**EXERCISE**
Leaving pictures aside, set down each line exactly, from the first line of the data to the line with "msp = doc.modelspace()", both included.

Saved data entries
★ ★ ★
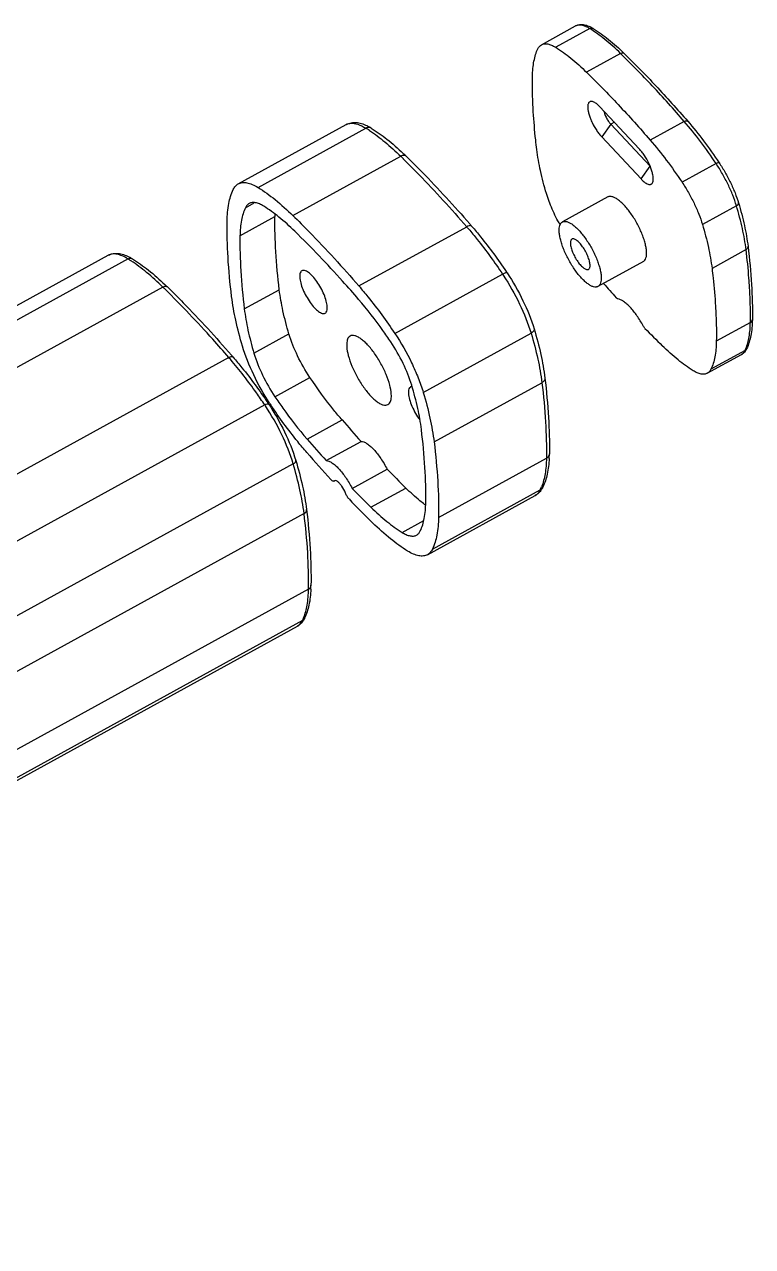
# Model space of a CAD drawing. Header units: millimetres. Extents: x 1514 to 2054, y 119 to 530.
# Drawn here: x 1862.6 to 1894.2, y 331.8 to 384.9 of the extents above; entities that cross this region are included whole.
import ezdxf

# ---------------------------------------------------------------- set-up
doc = ezdxf.new("R2010")
doc.units = ezdxf.units.MM
doc.header["$LTSCALE"] = 30.734
doc.layers.get('0').update_dxf_attribs({"linetype": 'CONTINUOUS'})
doc.layers.add('02___PRT_ALL_AXES', color=7, linetype='CONTINUOUS')

msp = doc.modelspace()

# ---------------------------------------------------------------- linework, layer by layer
at = {"color": 7}
for p, q in [((1885.084, 384.014), (1886.562, 384.828)), ((1887.177, 384.715), (1885.699, 383.901)), ((1888.516, 383.634), (1887.037, 382.82)), ((1889.329, 379.485), (1887.622, 381.31)), ((1872.776, 377.81), (1877.458, 380.386)), ((1888.09, 380.557), (1887.699, 380.005)), ((1888.246, 380.643), (1888.09, 380.557)), ((1888.09, 380.557), (1889.797, 378.732)), ((1891.28, 380.678), (1889.802, 379.865)), ((1887.699, 380.005), (1889.406, 378.18)), ((1874.287, 376.589), (1878.969, 379.166)), ((1889.406, 378.18), (1889.797, 378.732)), ((1889.797, 378.732), (1889.8, 378.733)), ((1892.663, 378.851), (1891.184, 378.037)), ((1872.225, 376.931), (1872.612, 377.144)), ((1887.964, 377.395), (1885.992, 376.31)), ((1893.548, 377.014), (1892.069, 376.201)), ((1871.99, 375.708), (1873.509, 376.544)), ((1877.152, 373.528), (1881.834, 376.104)), ((1893.965, 375.106), (1892.487, 374.293)), ((1817.275, 347.899), (1866.272, 374.861)), ((1867.13, 374.703), (1818.134, 347.741)), ((1889.507, 374.591), (1887.535, 373.507)), ((1878.712, 371.465), (1883.394, 374.041)), ((1868.641, 373.482), (1819.645, 346.521)), ((1872.177, 372.53), (1873.697, 373.366)), ((1894.152, 371.937), (1892.674, 371.123)), ((1872.599, 370.605), (1874.118, 371.441)), ((1879.948, 368.901), (1884.63, 371.477)), ((1871.506, 370.421), (1822.509, 343.459)), ((1892.283, 369.734), (1893.761, 370.548)), ((1893.919, 370.725), (1892.44, 369.911)), ((1873.509, 368.716), (1875.028, 369.552)), ((1880.419, 366.747), (1885.101, 369.323)), ((1873.066, 368.358), (1824.07, 341.396)), ((1874.904, 366.872), (1876.424, 367.708)), ((1875.729, 365.938), (1877.248, 366.775)), ((1880.613, 363.463), (1885.295, 366.039)), ((1874.302, 365.794), (1825.306, 338.832)), ((1876.857, 364.732), (1878.377, 365.568)), ((1876.094, 365.061), (1876.072, 365.045)), ((1876.081, 365.051), (1876.095, 365.059)), ((1877.676, 363.909), (1879.195, 364.745)), ((1880.349, 362.095), (1885.031, 364.671)), ((1874.773, 363.64), (1825.777, 336.679)), ((1879.027, 362.818), (1879.967, 363.335)), ((1874.967, 360.356), (1825.971, 333.395)), ((1825.487, 331.779), (1874.483, 358.741)), ((1874.703, 358.988), (1825.707, 332.026))]:
    msp.add_line(p, q, dxfattribs=at)
for centre, radius, start, end in [((1874.268, 375.24), 6.055, 56.4733, 58.2036), ((1870.442, 370.217), 12.527, 45.6165, 46.4157), ((1848.953, 348.493), 42.916, 45.4057, 45.6195), ((1890.389, 379.286), 0.81, 223.0905, 223.5725), ((1878.413, 376.471), 4.904, 177.8506, 179.1419), ((1868.383, 364.492), 17.769, 40.3939, 40.8052), ((1838.788, 338.763), 57.165, 40.806, 40.9447), ((1863.916, 369.519), 6.099, 56.7683, 58.1954), ((1875.233, 368.579), 9.821, 33.4696, 33.7945), ((1863.786, 360.841), 23.83, 33.7948, 33.9583), ((1838.661, 342.847), 42.865, 45.4413, 45.6196), ((1860.025, 364.482), 12.599, 45.6175, 46.2808), ((1927.632, 408.451), 52.918, 221.1361, 222.033), ((1920.265, 401.513), 42.797, 224.1809, 225.6142), ((1892.339, 371.477), 1.75, 334.5472, 337.549), ((1858.084, 358.833), 17.732, 40.4623, 40.8055), ((1828.36, 333.023), 57.248, 40.806, 40.9215), ((1864.913, 362.901), 9.81, 33.5237, 33.7946), ((1853.35, 355.098), 23.921, 33.7948, 33.9306), ((1881.564, 373.858), 9.902, 213.2128, 213.7939), ((1916.795, 402.547), 53.326, 220.7929, 222.1313), ((1915.813, 402.185), 54.042, 220.8017, 222.1225), ((1916.18, 401.906), 54.526, 220.7861, 222.4324), ((1879.896, 366.316), 5.529, 356.9874, 359.1442), ((1909.301, 395.502), 43.039, 224.0684, 225.6132), ((1876.124, 365.007), 0.0617, 109.4685, 118.6725), ((1908.292, 395.174), 43.759, 224.0811, 225.6005), ((1884.463, 365.055), 0.72, 298.8616, 311.2454), ((1883.182, 365.549), 2.047, 334.5998, 338.4706), ((1909.155, 395.297), 44.881, 223.7346, 225.6101), ((1884.566, 369.908), 7.438, 232.1653, 232.6209), ((1869.523, 360.601), 5.552, 357.3451, 359.1412), ((1872.895, 359.848), 2.002, 334.5652, 337.8501), ((1874.265, 359.136), 0.452, 298.8411, 307.3544)]:
    msp.add_arc(centre, radius, start, end, dxfattribs=at)
for points, knots in [([(1886.562, 384.828), (1886.59, 384.843), (1886.65, 384.869), (1886.776, 384.896), (1886.943, 384.889), (1887.142, 384.825), (1887.269, 384.757), (1887.333, 384.718)], [0, 0, 0, 0, 0.118468, 0.235657, 0.47363, 0.724588, 1, 1, 1, 1]), ([(1886.639, 384.858), (1886.632, 384.856), (1886.606, 384.848), (1886.58, 384.837), (1886.562, 384.828)], [0, 0, 0, 0, 0.253322, 1, 1, 1, 1]), ([(1887.177, 384.715), (1887.128, 384.745), (1887.033, 384.798), (1886.89, 384.852), (1886.759, 384.874), (1886.676, 384.867), (1886.639, 384.858)], [0, 0, 0, 0, 0.30463, 0.569517, 0.79844, 1, 1, 1, 1]), ([(1887.177, 384.715), (1887.202, 384.728), (1887.243, 384.741), (1887.297, 384.735), (1887.322, 384.725), (1887.333, 384.718)], [0, 0, 0, 0, 0.521047, 0.764078, 1, 1, 1, 1]), ([(1888.516, 383.634), (1888.297, 383.848), (1887.87, 384.234), (1887.405, 384.574), (1887.177, 384.715)], [0, 0, 0, 0, 0.533483, 1, 1, 1, 1]), ([(1887.333, 384.718), (1887.562, 384.576), (1888.027, 384.236), (1888.454, 383.85), (1888.673, 383.636)], [0, 0, 0, 0, 0.468644, 1, 1, 1, 1]), ([(1885.084, 384.014), (1885.102, 384.024), (1885.143, 384.041), (1885.233, 384.06), (1885.363, 384.052), (1885.53, 383.997), (1885.641, 383.937), (1885.699, 383.901)], [0, 0, 0, 0, 0.098047, 0.199412, 0.422607, 0.686952, 1, 1, 1, 1]), ([(1884.692, 382.625), (1884.694, 382.743), (1884.705, 382.969), (1884.75, 383.292), (1884.82, 383.58), (1884.887, 383.756), (1884.926, 383.837)], [0, 0, 0, 0, 0.285288, 0.546327, 0.783968, 1, 1, 1, 1]), ([(1884.926, 383.837), (1884.944, 383.875), (1884.987, 383.944), (1885.05, 383.996), (1885.084, 384.014)], [0, 0, 0, 0, 0.523703, 1, 1, 1, 1]), ([(1885.699, 383.901), (1885.926, 383.76), (1886.392, 383.42), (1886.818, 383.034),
★ ★ ★
**TASK RESULT**
# Model space of a CAD drawing. Header units: millimetres. Extents: x 1514 to 2054, y 119 to 530.
# Drawn here: x 1862.6 to 1894.2, y 331.8 to 384.9 of the extents above; entities that cross this region are included whole.
import ezdxf

# ---------------------------------------------------------------- set-up
doc = ezdxf.new("R2010")
doc.units = ezdxf.units.MM
doc.header["$LTSCALE"] = 30.734
doc.layers.get('0').update_dxf_attribs({"linetype": 'CONTINUOUS'})
doc.layers.add('02___PRT_ALL_AXES', color=7, linetype='CONTINUOUS')

msp = doc.modelspace()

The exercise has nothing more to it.